How to find customer objections, and how to use them

I once ran a multi-million dollar offer for a rapid learning course.

We sold it to students all day long, especially a few weeks before exams.

$500 isn’t a lot to someone who thinks they might be on the brink of failing on a $100k investment.

A big complaint was that they were already so overburdened that they didn’t have time to learn the new skills.

So, we added a bonus.

A productivity “hacks” course that would save them 30+ minutes each day, giving them the space to learn the new skills.

It was one of the big turning points for our offer.

But where did it come from?

Well, we were already running a webinar, and getting good feedback in the Q&A sessions.

(Even if you don’t have an offer, I can recommend webinars as a great way to connect with prospects).

Then I added 2 questions to the sign-up process.

The first was:

What have you already tried doing to [goal]


  • What have you already tried doing to lose weight.
  • What have you already tried doing to improve your memory for names?
  • What have you already tried doing to learn to code?

This brought back some fairly predictable answers. If you know your market, you’ll find the same.

But you’ll also find a few things that you never considered to be competition.

I’ve had some sort of version of “prayers” in response to all these questions. I’m not knocking prayer, but I don’t think that’s how it works.

The other question was:

Why don’t you think these solutions worked for you?

Now, you’re going to get a lot of excuses here. If a solution works for one group of people and not another, 9 times out of 10 it’s because the 2nd group didn’t do the work and stick at it for long enough.

The truth is harder to swallow than pizza.

But few people will admit that.

However, their excuses are copywriting gold.

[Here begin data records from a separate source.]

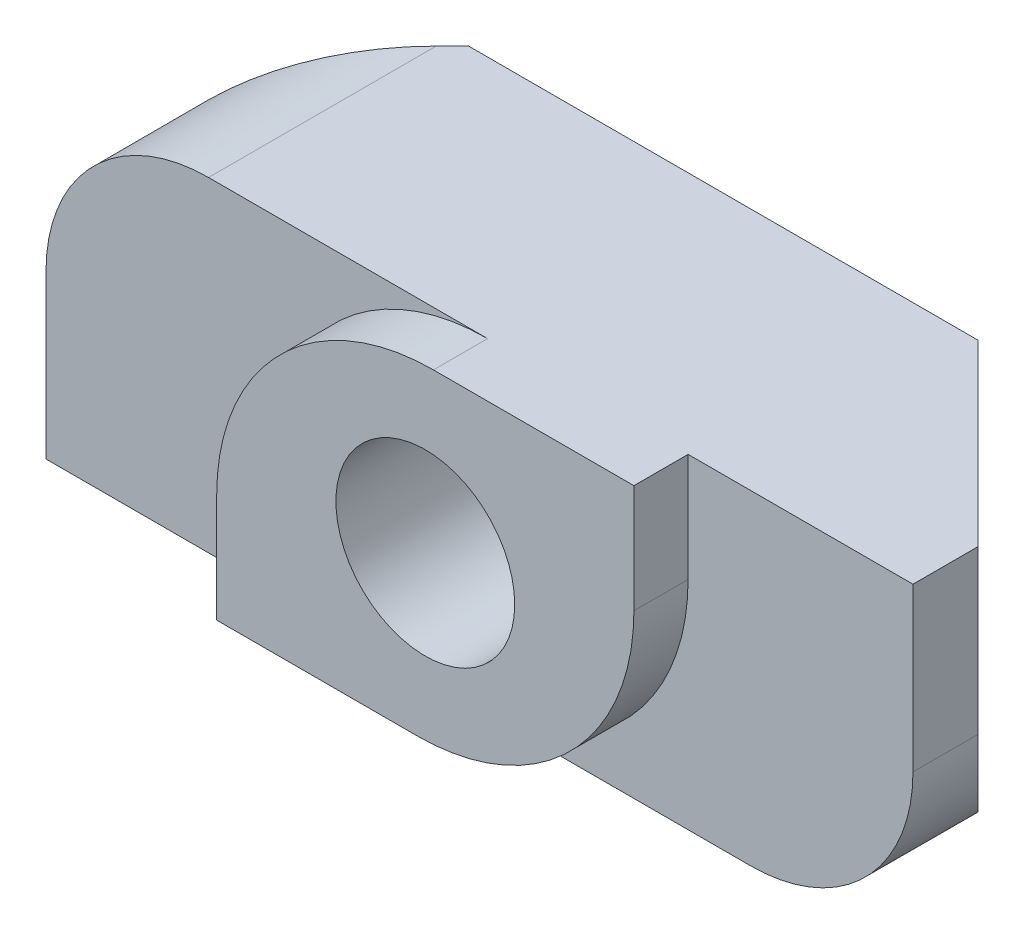
ISO-10303-21;
HEADER;
FILE_DESCRIPTION(('STEP AP214'),'2;1');
FILE_NAME('part.step','',(''),(''),'','','');
FILE_SCHEMA(('AUTOMOTIVE_DESIGN { 1 0 10303 214 1 1 1 1 }'));
ENDSEC;
DATA;
#1=APPLICATION_CONTEXT('core data for automotive mechanical design processes');
#2=APPLICATION_PROTOCOL_DEFINITION('international standard','automotive_design',2000,#1);
#3=PRODUCT_CONTEXT('',#1,'mechanical');
#4=PRODUCT('Part','Part','',(#3));
#5=PRODUCT_RELATED_PRODUCT_CATEGORY('part','',(#4));
#6=PRODUCT_DEFINITION_FORMATION('','',#4);
#7=PRODUCT_DEFINITION_CONTEXT('part definition',#1,'design');
#8=PRODUCT_DEFINITION('design','',#6,#7);
#9=PRODUCT_DEFINITION_SHAPE('','',#8);
#10=(LENGTH_UNIT() NAMED_UNIT(*) SI_UNIT(.MILLI.,.METRE.));
#11=(NAMED_UNIT(*) PLANE_ANGLE_UNIT() SI_UNIT($,.RADIAN.));
#12=(NAMED_UNIT(*) SI_UNIT($,.STERADIAN.) SOLID_ANGLE_UNIT());
#13=UNCERTAINTY_MEASURE_WITH_UNIT(LENGTH_MEASURE(1.E-05),#10,'distance_accuracy_value','');
#14=(GEOMETRIC_REPRESENTATION_CONTEXT(3) GLOBAL_UNCERTAINTY_ASSIGNED_CONTEXT((#13)) GLOBAL_UNIT_ASSIGNED_CONTEXT((#10,
#11,#12)) REPRESENTATION_CONTEXT('',''));
#15=CARTESIAN_POINT('',(0.,0.,0.));
#16=DIRECTION('',(0.,0.,1.));
#17=DIRECTION('',(1.,0.,0.));
#18=AXIS2_PLACEMENT_3D('',#15,#16,#17);
#19=CARTESIAN_POINT('',(-4.70000000000001,6.,0.));
#20=DIRECTION('',(0.707106781186549,0.,0.707106781186546));
#21=DIRECTION('',(0.707106781186546,0.,-0.707106781186549));
#22=AXIS2_PLACEMENT_3D('',#19,#20,#21);
#23=PLANE('',#22);
#24=DIRECTION('',(0.,-1.,0.));
#25=VECTOR('',#24,1.);
#26=CARTESIAN_POINT('',(-8.,6.,3.3));
#27=LINE('',#26,#25);
#28=CARTESIAN_POINT('',(-8.,3.,3.3));
#29=VERTEX_POINT('',#28);
#30=CARTESIAN_POINT('',(-8.,0.,3.3));
#31=VERTEX_POINT('',#30);
#32=EDGE_CURVE('E210',#29,#31,#27,.T.);
#33=ORIENTED_EDGE('',*,*,#32,.F.);
#34=CARTESIAN_POINT('',(-4.99999999999999,3.,0.299999999999985));
#35=DIRECTION('',(0.707106781186549,0.,0.707106781186546));
#36=DIRECTION('',(0.707106781186546,0.,-0.707106781186549));
#37=AXIS2_PLACEMENT_3D('',#34,#35,#36);
#38=ELLIPSE('',#37,4.2426406871193,3.);
#39=CARTESIAN_POINT('',(-4.99999999999999,6.,0.299999999999985));
#40=VERTEX_POINT('',#39);
#41=EDGE_CURVE('E235',#29,#40,#38,.F.);
#42=ORIENTED_EDGE('',*,*,#41,.T.);
#43=DIRECTION('',(-0.707106781186546,0.,0.707106781186549));
#44=VECTOR('',#43,1.);
#45=CARTESIAN_POINT('',(-4.70000000000001,6.,0.));
#46=LINE('',#45,#44);
#47=CARTESIAN_POINT('',(-4.70000000000001,6.,0.));
#48=VERTEX_POINT('',#47);
#49=EDGE_CURVE('E193',#48,#40,#46,.T.);
#50=ORIENTED_EDGE('',*,*,#49,.F.);
#51=DIRECTION('',(0.,-1.,0.));
#52=VECTOR('',#51,1.);
#53=CARTESIAN_POINT('',(-4.70000000000001,6.,0.));
#54=LINE('',#53,#52);
#55=CARTESIAN_POINT('',(-4.70000000000001,0.,0.));
#56=VERTEX_POINT('',#55);
#57=EDGE_CURVE('E171',#48,#56,#54,.T.);
#58=ORIENTED_EDGE('',*,*,#57,.T.);
#59=DIRECTION('',(-0.707106781186546,0.,0.707106781186549));
#60=VECTOR('',#59,1.);
#61=CARTESIAN_POINT('',(-4.70000000000001,0.,0.));
#62=LINE('',#61,#60);
#63=EDGE_CURVE('E172',#56,#31,#62,.T.);
#64=ORIENTED_EDGE('',*,*,#63,.T.);
#65=EDGE_LOOP('',(#33,#42,#50,#58,#64));
#66=FACE_BOUND('',#65,.T.);
#67=ADVANCED_FACE('F34',(#66),#23,.F.);
#68=CARTESIAN_POINT('',(-8.,6.,3.3));
#69=DIRECTION('',(1.,0.,0.));
#70=DIRECTION('',(0.,0.,-1.));
#71=AXIS2_PLACEMENT_3D('',#68,#69,#70);
#72=PLANE('',#71);
#73=DIRECTION('',(0.,-1.,0.));
#74=VECTOR('',#73,1.);
#75=CARTESIAN_POINT('',(-8.,6.,4.5));
#76=LINE('',#75,#74);
#77=CARTESIAN_POINT('',(-8.,3.,4.5));
#78=VERTEX_POINT('',#77);
#79=CARTESIAN_POINT('',(-8.,0.,4.5));
#80=VERTEX_POINT('',#79);
#81=EDGE_CURVE('E208',#78,#80,#76,.T.);
#82=ORIENTED_EDGE('',*,*,#81,.F.);
#83=DIRECTION('',(0.,0.,1.));
#84=VECTOR('',#83,1.);
#85=CARTESIAN_POINT('',(-8.,3.,3.3));
#86=LINE('',#85,#84);
#87=EDGE_CURVE('E233',#78,#29,#86,.F.);
#88=ORIENTED_EDGE('',*,*,#87,.T.);
#89=ORIENTED_EDGE('',*,*,#32,.T.);
#90=DIRECTION('',(0.,0.,1.));
#91=VECTOR('',#90,1.);
#92=CARTESIAN_POINT('',(-8.,0.,3.3));
#93=LINE('',#92,#91);
#94=EDGE_CURVE('E175',#31,#80,#93,.T.);
#95=ORIENTED_EDGE('',*,*,#94,.T.);
#96=EDGE_LOOP('',(#82,#88,#89,#95));
#97=FACE_BOUND('',#96,.T.);
#98=ADVANCED_FACE('F263',(#97),#72,.F.);
#99=CARTESIAN_POINT('',(-8.,6.,4.5));
#100=DIRECTION('',(0.,0.,-1.));
#101=DIRECTION('',(-1.,0.,0.));
#102=AXIS2_PLACEMENT_3D('',#99,#100,#101);
#103=PLANE('',#102);
#104=DIRECTION('',(1.,0.,0.));
#105=VECTOR('',#104,1.);
#106=CARTESIAN_POINT('',(-8.,6.,4.5));
#107=LINE('',#106,#105);
#108=CARTESIAN_POINT('',(-5.,6.,4.5));
#109=VERTEX_POINT('',#108);
#110=CARTESIAN_POINT('',(0.149999999999997,6.,4.5));
#111=VERTEX_POINT('',#110);
#112=EDGE_CURVE('E143',#109,#111,#107,.T.);
#113=ORIENTED_EDGE('',*,*,#112,.F.);
#114=CARTESIAN_POINT('',(-5.,3.,4.5));
#115=DIRECTION('',(0.,0.,-1.));
#116=DIRECTION('',(-1.,0.,0.));
#117=AXIS2_PLACEMENT_3D('',#114,#115,#116);
#118=CIRCLE('',#117,3.);
#119=EDGE_CURVE('E231',#109,#78,#118,.F.);
#120=ORIENTED_EDGE('',*,*,#119,.T.);
#121=ORIENTED_EDGE('',*,*,#81,.T.);
#122=DIRECTION('',(1.,0.,0.));
#123=VECTOR('',#122,1.);
#124=CARTESIAN_POINT('',(-8.,0.,4.5));
#125=LINE('',#124,#123);
#126=CARTESIAN_POINT('',(-3.85,0.,4.5));
#127=VERTEX_POINT('',#126);
#128=EDGE_CURVE('E179',#80,#127,#125,.T.);
#129=ORIENTED_EDGE('',*,*,#128,.T.);
#130=DIRECTION('',(0.,-1.,0.));
#131=VECTOR('',#130,1.);
#132=CARTESIAN_POINT('',(-3.85,6.,4.5));
#133=LINE('',#132,#131);
#134=CARTESIAN_POINT('',(-3.85,2.,4.5));
#135=VERTEX_POINT('',#134);
#136=EDGE_CURVE('E206',#135,#127,#133,.T.);
#137=ORIENTED_EDGE('',*,*,#136,.F.);
#138=CARTESIAN_POINT('',(0.15,2.,4.5));
#139=DIRECTION('',(0.,0.,-1.));
#140=DIRECTION('',(-1.,0.,0.));
#141=AXIS2_PLACEMENT_3D('',#138,#139,#140);
#142=CIRCLE('',#141,4.);
#143=EDGE_CURVE('E222',#135,#111,#142,.T.);
#144=ORIENTED_EDGE('',*,*,#143,.T.);
#145=EDGE_LOOP('',(#113,#120,#121,#129,#137,#144));
#146=FACE_BOUND('',#145,.T.);
#147=ADVANCED_FACE('F269',(#146),#103,.F.);
#148=CARTESIAN_POINT('',(-3.85,6.,4.5));
#149=DIRECTION('',(1.,0.,0.));
#150=DIRECTION('',(0.,0.,-1.));
#151=AXIS2_PLACEMENT_3D('',#148,#149,#150);
#152=PLANE('',#151);
#153=DIRECTION('',(0.,-1.,0.));
#154=VECTOR('',#153,1.);
#155=CARTESIAN_POINT('',(-3.85,6.,5.5));
#156=LINE('',#155,#154);
#157=CARTESIAN_POINT('',(-3.85,2.,5.5));
#158=VERTEX_POINT('',#157);
#159=CARTESIAN_POINT('',(-3.85,0.,5.5));
#160=VERTEX_POINT('',#159);
#161=EDGE_CURVE('E154',#158,#160,#156,.T.);
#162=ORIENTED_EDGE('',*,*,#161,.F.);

If you can show how your product gets past these problems, you can create some excellent offers with very little extra work.

That’s how we got the idea for the productivity bonus.

But we picked this idea out of hundreds of lines of feedback. So how did we decide which ones were important, and which ones weren’t?

I’ll cover that tomorrow.

There’s a clue to it on my Instagram though.

Stephen Pratley
Copy & Conversion Consultant
The Conversion Co.

Quick question.

What’s your preferred social media site to follow for business advice?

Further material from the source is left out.